→ DATA:
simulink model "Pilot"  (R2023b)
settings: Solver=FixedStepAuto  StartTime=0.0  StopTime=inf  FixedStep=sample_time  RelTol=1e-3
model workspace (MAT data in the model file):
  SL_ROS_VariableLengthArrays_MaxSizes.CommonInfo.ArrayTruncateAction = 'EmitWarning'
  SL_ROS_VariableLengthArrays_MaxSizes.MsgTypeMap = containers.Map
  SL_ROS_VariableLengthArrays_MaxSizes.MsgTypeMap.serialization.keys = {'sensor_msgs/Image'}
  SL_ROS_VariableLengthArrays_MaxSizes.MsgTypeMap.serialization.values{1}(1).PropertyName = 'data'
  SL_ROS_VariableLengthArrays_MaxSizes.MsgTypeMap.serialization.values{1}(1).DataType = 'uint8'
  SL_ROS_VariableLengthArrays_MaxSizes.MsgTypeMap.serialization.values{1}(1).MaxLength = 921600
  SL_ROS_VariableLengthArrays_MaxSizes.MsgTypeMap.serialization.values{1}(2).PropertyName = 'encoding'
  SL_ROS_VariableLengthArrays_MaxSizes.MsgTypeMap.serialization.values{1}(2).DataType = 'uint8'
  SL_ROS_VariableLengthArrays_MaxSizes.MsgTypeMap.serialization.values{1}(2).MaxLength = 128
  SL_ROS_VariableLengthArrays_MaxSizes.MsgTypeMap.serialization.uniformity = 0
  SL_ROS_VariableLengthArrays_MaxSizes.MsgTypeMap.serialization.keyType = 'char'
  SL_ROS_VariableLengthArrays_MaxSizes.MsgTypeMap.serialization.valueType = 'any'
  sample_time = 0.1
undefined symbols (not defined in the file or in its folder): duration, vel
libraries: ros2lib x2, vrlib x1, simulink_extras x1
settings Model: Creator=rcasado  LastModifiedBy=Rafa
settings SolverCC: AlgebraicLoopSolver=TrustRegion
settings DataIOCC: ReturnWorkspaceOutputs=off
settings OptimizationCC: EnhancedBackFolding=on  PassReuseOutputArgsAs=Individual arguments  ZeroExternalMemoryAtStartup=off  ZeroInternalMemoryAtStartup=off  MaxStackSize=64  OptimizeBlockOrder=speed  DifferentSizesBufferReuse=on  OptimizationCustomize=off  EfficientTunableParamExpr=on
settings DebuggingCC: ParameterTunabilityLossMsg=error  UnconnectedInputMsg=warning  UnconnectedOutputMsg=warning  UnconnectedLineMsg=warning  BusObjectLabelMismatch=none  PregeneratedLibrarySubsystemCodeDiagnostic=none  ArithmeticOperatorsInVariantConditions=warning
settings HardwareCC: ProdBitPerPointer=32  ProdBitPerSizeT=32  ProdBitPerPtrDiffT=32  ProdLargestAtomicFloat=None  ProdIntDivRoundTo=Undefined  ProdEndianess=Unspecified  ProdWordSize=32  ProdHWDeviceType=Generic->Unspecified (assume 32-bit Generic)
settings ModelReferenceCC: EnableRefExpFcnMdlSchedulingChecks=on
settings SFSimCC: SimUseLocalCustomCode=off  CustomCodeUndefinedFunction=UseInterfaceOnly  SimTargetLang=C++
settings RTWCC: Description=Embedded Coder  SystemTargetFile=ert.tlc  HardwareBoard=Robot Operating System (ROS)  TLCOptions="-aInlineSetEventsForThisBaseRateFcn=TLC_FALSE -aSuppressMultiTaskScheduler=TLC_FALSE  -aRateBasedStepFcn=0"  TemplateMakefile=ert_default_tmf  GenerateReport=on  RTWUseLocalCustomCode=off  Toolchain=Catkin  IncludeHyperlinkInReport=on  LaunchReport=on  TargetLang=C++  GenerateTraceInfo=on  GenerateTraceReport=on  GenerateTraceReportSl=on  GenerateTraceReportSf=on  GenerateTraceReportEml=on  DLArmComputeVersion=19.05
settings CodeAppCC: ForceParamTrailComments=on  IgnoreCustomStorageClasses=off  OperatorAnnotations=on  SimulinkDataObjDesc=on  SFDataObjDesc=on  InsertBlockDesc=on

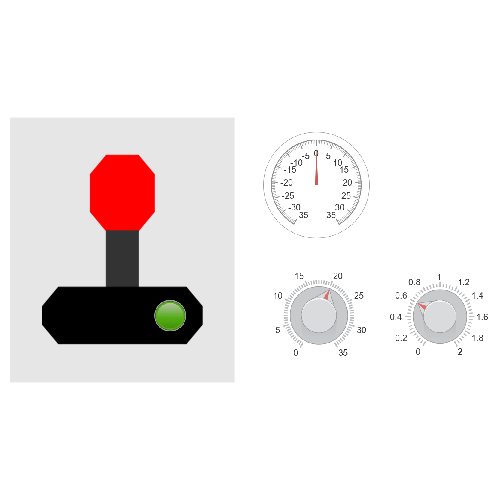
[thumbnail: Simulink's stored preview of the top-level diagram]
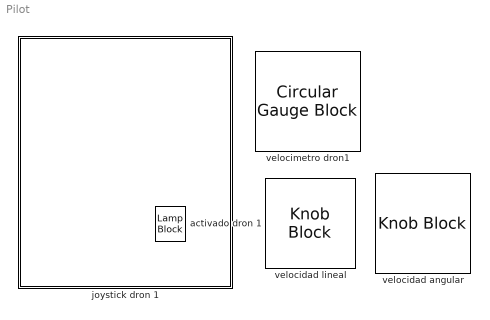
== system Pilot ==
  activado dron 1 : LampBlock  LabelPosition=Hide
  joystick dron 1 : Subsystem
      mask Display:
      | patch([12 -2 -2 12], [12 12 -2 -2], [0.9 0.9 0.9])
      | 
      | % bola roja
      | patch([4 6 7 7 6 4 3 3], [6 6 7 9 10 10 9 7], [1 0 0])
      | 
      | % palo gris
      | patch([4 6 6 4], [3 3 6 6], [0.2 0.2 0.2])
      | 
      | % base negra
      | patch([1 9 10 10 9 1 0 0], [0 0 1 2 3 3 2 1], [0 0 0])
  velocidad angular : KnobBlock  LabelPosition=Hide  ScaleMax=2  TickInterval=0.2
  velocidad lineal : KnobBlock  LabelPosition=Hide  ScaleMax=35  TickInterval=5
  velocimetro dron1 : CircularGaugeBlock  LabelPosition=Hide  ScaleMin=-35  ScaleMax=35  TickInterval=5

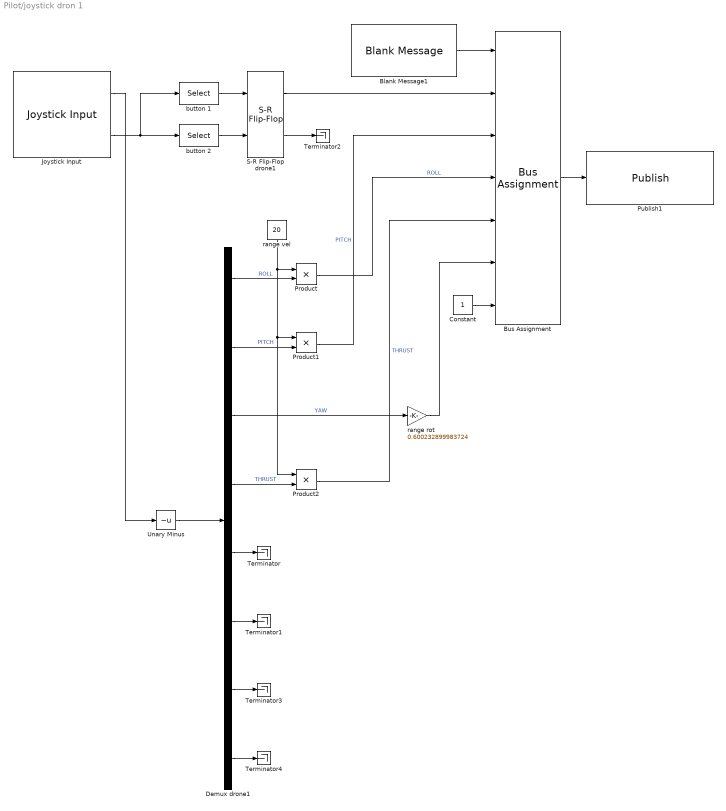
== system Pilot/joystick dron 1 ==
  Blank Message1 : ros2lib/Blank Message  messageClass=Message  entityType=navsim_msgs/RemoteCommand  messageType=navsim_msgs/RemoteCommand  SampleTime=sample_time
  Bus Assignment : BusAssignment  AssignedSignals=on,vel.linear.x,vel.linear.y,vel.linear.z,vel.angular.z,duration.sec
  Constant : Constant  OutDataTypeStr=int32
  Demux drone1 : Demux  Outputs=8
  Joystick Input : vrlib/Joystick Input  joyid=1  adjustports=off  forcefeed=off
  Product : Product
  Product1 : Product
  Product2 : Product
  Publish1 : ros2lib/Publish  topicSource=Select from ROS network  topic=/NavSim/aguila/RemoteCommand  messageType=navsim_msgs/RemoteCommand  QOSHistory=Keep last  QOSDepth=1  QOSReliability=Reliable  QOSDurability=Volatile
  S-R Flip-Flop drone1 : simulink_extras/Flip Flops/S-R Flip-Flop  initial_condition=0
  Terminator{,1..4} (5 alike) : Terminator
  Unary Minus : UnaryMinus
  button 1 : Selector  InputPortWidth=32  IndexOptions=Index vector (dialog)  Indices=[1]  OutputSizes=1
  button 2 : Selector  InputPortWidth=32  IndexOptions=Index vector (dialog)  Indices=[2]  OutputSizes=1
  range rot : Gain  Gain=0.600232899983724
  range vel : Constant  Value=20
  wires:
  Bus Assignment/1 -> Publish1/1
  Blank Message1/1 -> Bus Assignment/1
  Joystick Input/1 -> Unary Minus/1
  Product/1 -> Bus Assignment/4  "ROLL"
  Product1/1 -> Bus Assignment/3  "PITCH"
  Demux drone1/3 -> range rot/1  "YAW"
  Product2/1 -> Bus Assignment/5  "THRUST"
  Joystick Input/2 -> button 2/1, button 1/1
  S-R Flip-Flop drone1/1 -> Bus Assignment/2
  button 2/1 -> S-R Flip-Flop drone1/2
  button 1/1 -> S-R Flip-Flop drone1/1
  S-R Flip-Flop drone1/2 -> Terminator2/1
  Unary Minus/1 -> Demux drone1/1
  Constant/1 -> Bus Assignment/7
  range rot/1 -> Bus Assignment/6
  range vel/1 -> Product/1, Product1/1, Product2/1
  Demux drone1/4 -> Product2/2  "THRUST"
  Demux drone1/2 -> Product1/2  "PITCH"
  Demux drone1/1 -> Product/2  "ROLL"
  Demux drone1/8 -> Terminator4/1
  Demux drone1/7 -> Terminator3/1
  Demux drone1/6 -> Terminator1/1
  Demux drone1/5 -> Terminator/1

→ TASK DETAILS:
Each line of the listing above that contains the word "Blank" is to be copied.

→ EXERCISE RESPONSE:
  Blank Message1 : ros2lib/Blank Message  messageClass=Message  entityType=navsim_msgs/RemoteCommand  messageType=navsim_msgs/RemoteCommand  SampleTime=sample_time
  Blank Message1/1 -> Bus Assignment/1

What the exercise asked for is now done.